What this task involves:
Up to and including the line with "settings Model: SILPILModeSetting=veronly", output the records exactly as they appear.

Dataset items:
==============================

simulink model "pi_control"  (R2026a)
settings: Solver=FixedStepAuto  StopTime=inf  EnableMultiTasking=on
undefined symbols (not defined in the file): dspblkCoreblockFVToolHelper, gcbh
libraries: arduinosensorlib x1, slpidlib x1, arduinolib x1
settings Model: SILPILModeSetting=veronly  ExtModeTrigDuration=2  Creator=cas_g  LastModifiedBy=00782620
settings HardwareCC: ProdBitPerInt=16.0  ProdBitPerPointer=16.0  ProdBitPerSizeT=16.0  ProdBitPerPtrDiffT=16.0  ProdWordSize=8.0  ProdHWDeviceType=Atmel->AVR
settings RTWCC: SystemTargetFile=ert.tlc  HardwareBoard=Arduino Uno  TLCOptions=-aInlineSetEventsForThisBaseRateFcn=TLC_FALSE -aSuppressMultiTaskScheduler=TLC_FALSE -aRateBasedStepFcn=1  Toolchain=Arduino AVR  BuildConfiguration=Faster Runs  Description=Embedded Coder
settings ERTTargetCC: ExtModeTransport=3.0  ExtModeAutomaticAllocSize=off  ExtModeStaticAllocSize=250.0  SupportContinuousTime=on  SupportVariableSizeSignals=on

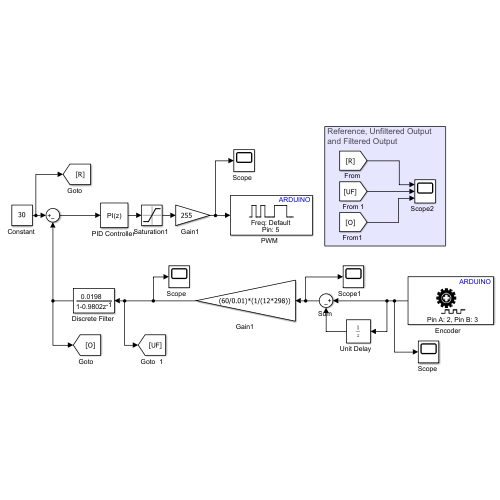
[thumbnail: Simulink's stored preview of the top-level diagram]
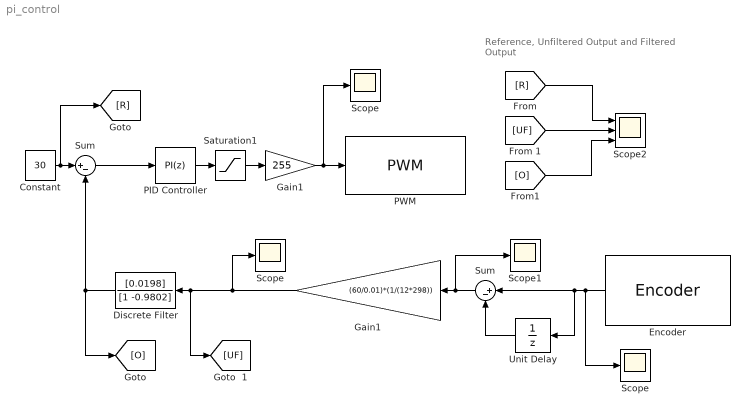
== system pi_control ==
  note: Reference, Unfiltered Output
      | and Filtered Output
  "Constant " : Constant  Value=30
  "Discrete Filter " : DiscreteFilter  LoadFcn=dspblkCoreblockFVToolHelper(gcbh,'load');  Numerator=[0.0198]  Denominator=[1 -0.9802]
      settings: CopyFcn=dspblkCoreblockFVToolHelper(gcbh,'copy');  DeleteFcn=dspblkCoreblockFVToolHelper(gcbh,'close');  ModelCloseFcn=dspblkCoreblockFVToolHelper(gcbh,'close');  PreSaveFcn=dspblkCoreblockFVToolHelper(gcbh,'presave');  PostSaveFcn=dspblkCoreblockFVToolHelper(gcbh,'postsave');  CloseFcn=dspblkCoreblockFVToolHelper(gcbh,'close');
  "Encoder   " : arduinosensorlib/Encoder  InputA=2  InputB=3  Mode=No reset  SampleTime=0.01
  "Gain1 " : Gain  Gain=(60/0.01)*(1/(12*298))
  "Gain1   " : Gain  Gain=255
  "PID Controller " : slpidlib/PID Controller  Controller=PI  Form=Parallel  TimeDomain=Discrete-time  UseExternalTs=off  SampleTime=0.01  IntegratorMethod=Backward Euler  FilterMethod=Forward Euler  ControllerParametersSource=internal  P=0.1  I=0.05  UseKiTs=off  D=0  UseExternalDerivativeSource=off  N=100  UseFilter=on  TunerSelectOption=Transfer Function Based (PID Tuner App)  InitialConditionSource=internal  InitialConditionForIntegrator=0  InitialConditionForFilter=0  DifferentiatorICPrevScaledInput=0  ExternalReset=none  TrackingMode=off  Kt=1  LimitOutput=off  SatLimitsSource=internal  UpperSaturationLimit=inf  LowerSaturationLimit=-inf  LinearizeAsGain=on  AntiWindupMode=none  Kb=1  LimitIntegrator=off  UpperIntegratorSaturationLimit=inf  LowerIntegratorSaturationLimit=-inf  POutMin=[]  POutMax=[]  IOutMin=[]  IOutMax=[]  DOutMin=[]  DOutMax=[]  NOutMin=[]  NOutMax=[]  SumOutMin=[]  SumOutMax=[]  SaturationOutMin=[]  SaturationOutMax=[]  PParamMin=[]  PParamMax=[]  IParamMin=[]  IParamMax=[]  DParamMin=[]  DParamMax=[]  NParamMin=[]  NParamMax=[]  KbParamMin=[]  KbParamMax=[]  KtParamMin=[]  KtParamMax=[]  KbOutMin=[]  KbOutMax=[]  KtOutMin=[]  KtOutMax=[]  IntegratorOutMin=[]  IntegratorOutMax=[]  FilterOutMin=[]  FilterOutMax=[]  SumI1OutMin=[]  SumI1OutMax=[]  SumI2OutMin=[]  SumI2OutMax=[]  SumI3OutMin=[]  SumI3OutMax=[]  SumI4OutMin=[]  SumI4OutMax=[]  SumDOutMin=[]  SumDOutMax=[]  DifferentiatorOutMin=[]  DifferentiatorOutMax=[]  FilterDiffOutCoefMin=[]  FilterDiffOutCoefMax=[]  ReciprocalOutMin=[]  ReciprocalOutMax=[]  SumDenOutMin=[]  SumDenOutMax=[]  SumNumOutMin=[]  SumNumOutMax=[]  DivideOutMin=[]  DivideOutMax=[]  UdiffTsProdOutMin=[]  UdiffTsProdOutMax=[]  NTsProdOutMin=[]  NTsProdOutMax=[]  UintegralTsProdOutMin=[]  UintegralTsProdOutMax=[]  UngainTsProdOutMin=[]  UngainTsProdOutMax=[]  ClampingZeroOutDataTypeStr=Inherit: Inherit via back propagation  ClampingZeroOutMin=[]  ClampingZeroOutMax=[]  FilterDenConstantOutDataTypeStr=Inherit: Inherit via back propagation  FilterDenConstantOutMin=[]  FilterDenConstantOutMax=[]  PCopyOutDataTypeStr=Inherit: Inherit via back propagation  PCopyOutMin=[]  PCopyOutMax=[]  NCopyOutDataTypeStr=Inherit: Inherit via back propagation  NCopyOutMin=[]  NCopyOutMax=[]  IntegratorContinuousStateAttributes=''  IntegratorStateMustResolveToSignalObject=off  IntegratorRTWStateStorageClass=Auto  FilterContinuousStateAttributes=''  FilterStateMustResolveToSignalObject=off  FilterRTWStateStorageClass=Auto  ParallelPVariant=InternalParameters  IdealPVariant=Disabled  IVariant=InternalParameters  DVariant=Disabled  IntegratorVariant=Discrete  SatVariant=Disabled  AWVariant=Passthrough  PCopyVariant=Disabled  TRVariant=Disabled  FdbkBlocksVariant=Forward  IdealPFdbkVariant=Disabled  SatFdbkVariant=Disabled  DerivativeFilterVariant=Disabled  NVariant=Disabled  NCopyVariant=Disabled_SignalSpec  FilterICVariant=Disabled  IntegratorICVariant=InternalICs  ExternalResetVariant=Disabled  TRSumVariant=Passthrough  SumFdbkVariant=Disabled  SumVariant=Sum_PI  TsampFilterVariant=InternalTs  TsampNgainVariant=Passthrough  TsampIntegralVariant=Disabled_SignalSpec  ExternalSaturationOutDataTypeStr=Inherit: Same as second input  DerivativeSourceVariant=Disabled  PreIntVariant=InternalPreInt
  "PWM  " : arduinolib/PWM  pinNumber=5  frequencyType=Default  desiredFrequency=490.2  achievableFrequency=490.2
  "Saturation1 " : Saturate  UpperLimit=1  LowerLimit=-1
  "Scope " : Scope
      settings: ActiveDisplayYMinimum=-2.3831591275E+9  ActiveDisplayYMaximum=1.3459963075E+9
  "Scope  " : Scope
      settings: ActiveDisplayYMinimum=-318.75  ActiveDisplayYMaximum=318.75
  "Scope   " : Scope
      settings: ActiveDisplayYMinimum=-8.1795302031096053  ActiveDisplayYMaximum=56.837248334428295  DataLoggingVariableName=ScopeData4
  "Scope1    " : Scope
      settings: ActiveDisplayYMinimum=-2.2499999999999996  ActiveDisplayYMaximum=20.25  DataLoggingVariableName=ScopeData5
  "Scope2   " : Scope  NumInputPorts=3
      settings: ActiveDisplayYMinimum=-3.7499999999999991  ActiveDisplayYMaximum=33.75  DataLoggingVariableName=ScopeData2
  Sum : Sum  Inputs=|+-
  "Sum " : Sum  Inputs=|+-
  "Unit Delay   " : UnitDelay  SampleTime=-1
  wires:
  [R] -> "Scope2   "/1
  [O] -> "Scope2   "/3
  "Sum "/1 -> "Scope1    "/1, "Gain1 "/1
  "Unit Delay   "/1 -> "Sum "/2
  "Discrete Filter "/1 -> Sum/2, [O]
  "Constant "/1 -> [R], Sum/1
  Sum/1 -> "PID Controller "/1
  "PID Controller "/1 -> "Saturation1 "/1
  "Saturation1 "/1 -> "Gain1   "/1
  "Gain1   "/1 -> "Scope  "/1, "PWM  "/1
  [UF] -> "Scope2   "/2
  "Encoder   "/1 -> "Scope "/1, "Sum "/1, "Unit Delay   "/1
  "Gain1 "/1 -> "Discrete Filter "/1, [UF], "Scope   "/1

==============================

Solution for this problem:
simulink model "pi_control"  (R2026a)
settings: Solver=FixedStepAuto  StopTime=inf  EnableMultiTasking=on
undefined symbols (not defined in the file): dspblkCoreblockFVToolHelper, gcbh
libraries: arduinosensorlib x1, slpidlib x1, arduinolib x1
settings Model: SILPILModeSetting=veronly  ExtModeTrigDuration=2  Creator=cas_g  LastModifiedBy=00782620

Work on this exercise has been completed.